The current overly compliance focused approach often puts less emphasis on building the software capability to address likely advanced threats and expends considerable effort getting over the regulatory “speed bumps” to meet the “schedule” at the end of the Software Development Life Cycle (SDLC). Given the advanced threat, the approach focused only on compliance may not be effective. This potential ineffectiveness is indicated in the DoD Director, Operational Test and Evaluation Reports, and DoD Inspector General Reports10 specifically the, DoD Cybersecurity Weaknesses as Reported in Audit Reports Issued From August 1, 2015, Through July 31, 201611, that identifies the need for “implementing secure information systems on major weapons systems throughout their lifecycle requires effective and continuous software assurance testing.”
The DoD has developed a significant body of information to aid in addressing the challenge, for example the Program Manager’s Guidebook for Integrating the Cybersecurity Risk Management Framework (RMF) into the System Acquisition Lifecycle12 helps program managers (PM) and their staffs clearly understand how to integrate cybersecurity into their programs throughout the system lifecycle in accordance with the Risk Management Framework (RMF). This guidebook identifies software assurance as a systems security engineering activity that is a countermeasure that mitigates cybersecurity risks.
An overall governance process that includes clear mandates for third party SwA assessments, along with a set of practices for ensuring proactive application security, provides the objective perspective and motivation to maintain an effective program to help address making sure the warfighters can trust the software product. Objective assessments must be implemented early on and continuously, to provide the powerful “forcing function” needed to get the developer to implement a fully integrated software assurance discipline throughout the SDLC.
At the system level, it is critical to first establish a coherent and disciplined process by developing a plan and statement of requirements for software assurance early in the acquisition lifecycle. This requires us to incorporate Cybersecurity, which includes software assurance, requirements into the requests for proposal (RFP). Programs then need to use the plan to track software assurance protection throughout the acquisition.

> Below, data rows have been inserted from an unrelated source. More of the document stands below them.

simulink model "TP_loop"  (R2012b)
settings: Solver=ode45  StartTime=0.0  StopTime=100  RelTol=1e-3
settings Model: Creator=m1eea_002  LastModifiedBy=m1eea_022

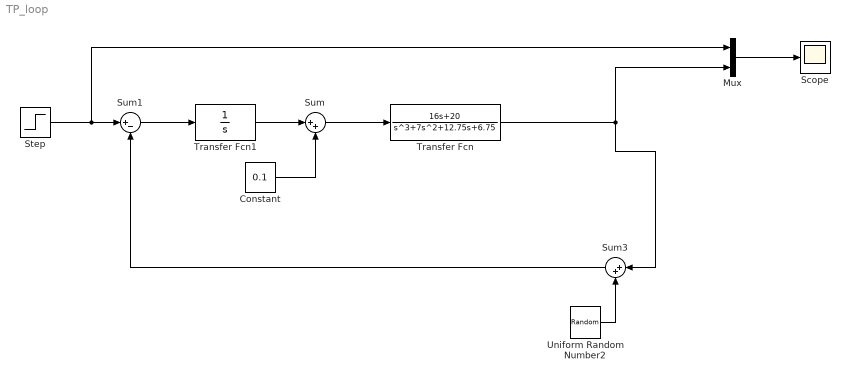
== system TP_loop ==
  Constant : Constant  Value=0.1
  Mux : Mux  Inputs=2
  Scope : Scope
  Step : Step  SampleTime=0
  Sum : Sum  Inputs=|++
  Sum1 : Sum  Inputs=|+-
  Sum3 : Sum  Inputs=|++
  Transfer Fcn : TransferFcn  Numerator=[16,20]  Denominator=[1,7,12.75,6.75]
  Transfer Fcn1 : TransferFcn  Denominator=[1 0]
  Uniform Random Number2 : UniformRandomNumber  Minimum=-0.1  Maximum=0.1  SampleTime=0.1
  wires:
  Sum/1 -> Transfer Fcn/1
  Sum3/1 -> Sum1/2
  Step/1 -> Mux/1, Sum1/1
  Mux/1 -> Scope/1
  Uniform Random Number2/1 -> Sum3/2
  Constant/1 -> Sum/2
  Transfer Fcn/1 -> Sum3/1, Mux/2
  Transfer Fcn1/1 -> Sum/1
  Sum1/1 -> Transfer Fcn1/1

The progress toward achieving the plan needs to be measured by actual results that are reported at each of the Systems Engineering Technical Reviews (SETR) just as noted in 2014 Deputy Assistant Secretary of Defense for Systems Engineering and Department of Defense Chief Information Officer’s Software Assurance Countermeasures in Program Protection Planning13 guide.
This level of rigor is economically justified because it saves resources in the long run, as noted in the Software Engineering Institute Special Report: Making the Business Case for Software Assurance14. This report provides evidence of the business case for SwA.
At both the system and enterprise level it is necessary to place more emphasis on developing the capability and capacity to leverage a broad range of software assessment tools and techniques for our portfolio of systems. For example, we need the capability for more “White Box Testing” – structural testing with insight into the internal logic and software structure such as static software code assessments using multiple tools. We also need enhanced capacity, to include enough well trained and motivated people, to actually perform the testing consistently across our portfolio of systems and to work with developers and maintainers to implement effective solutions.
The third and critical step in succeeding in implementing an enduring SwA program is developing, executing, and then maintaining a SwA enterprise level strategic plan that addresses the planning, execution, capability and capacity to build security in15.
At the DoD and Army level action has been taken to establish and support the Joint Federated Assurance Center (JFAC)16. Section 937 of the National Defense Authorization Act (NDAA) for Fiscal Year (FY) 2014 directed the Department of Defense (DoD) to establish a federation of capabilities to support trusted defense systems and ensure the security of software and hardware developed, acquired, maintained, and used by the Department. The JFAC Service Providers that help deliver the capabilities of the JFAC are available to assist program managers, developers, and maintainers in implementing an effective software assurance program.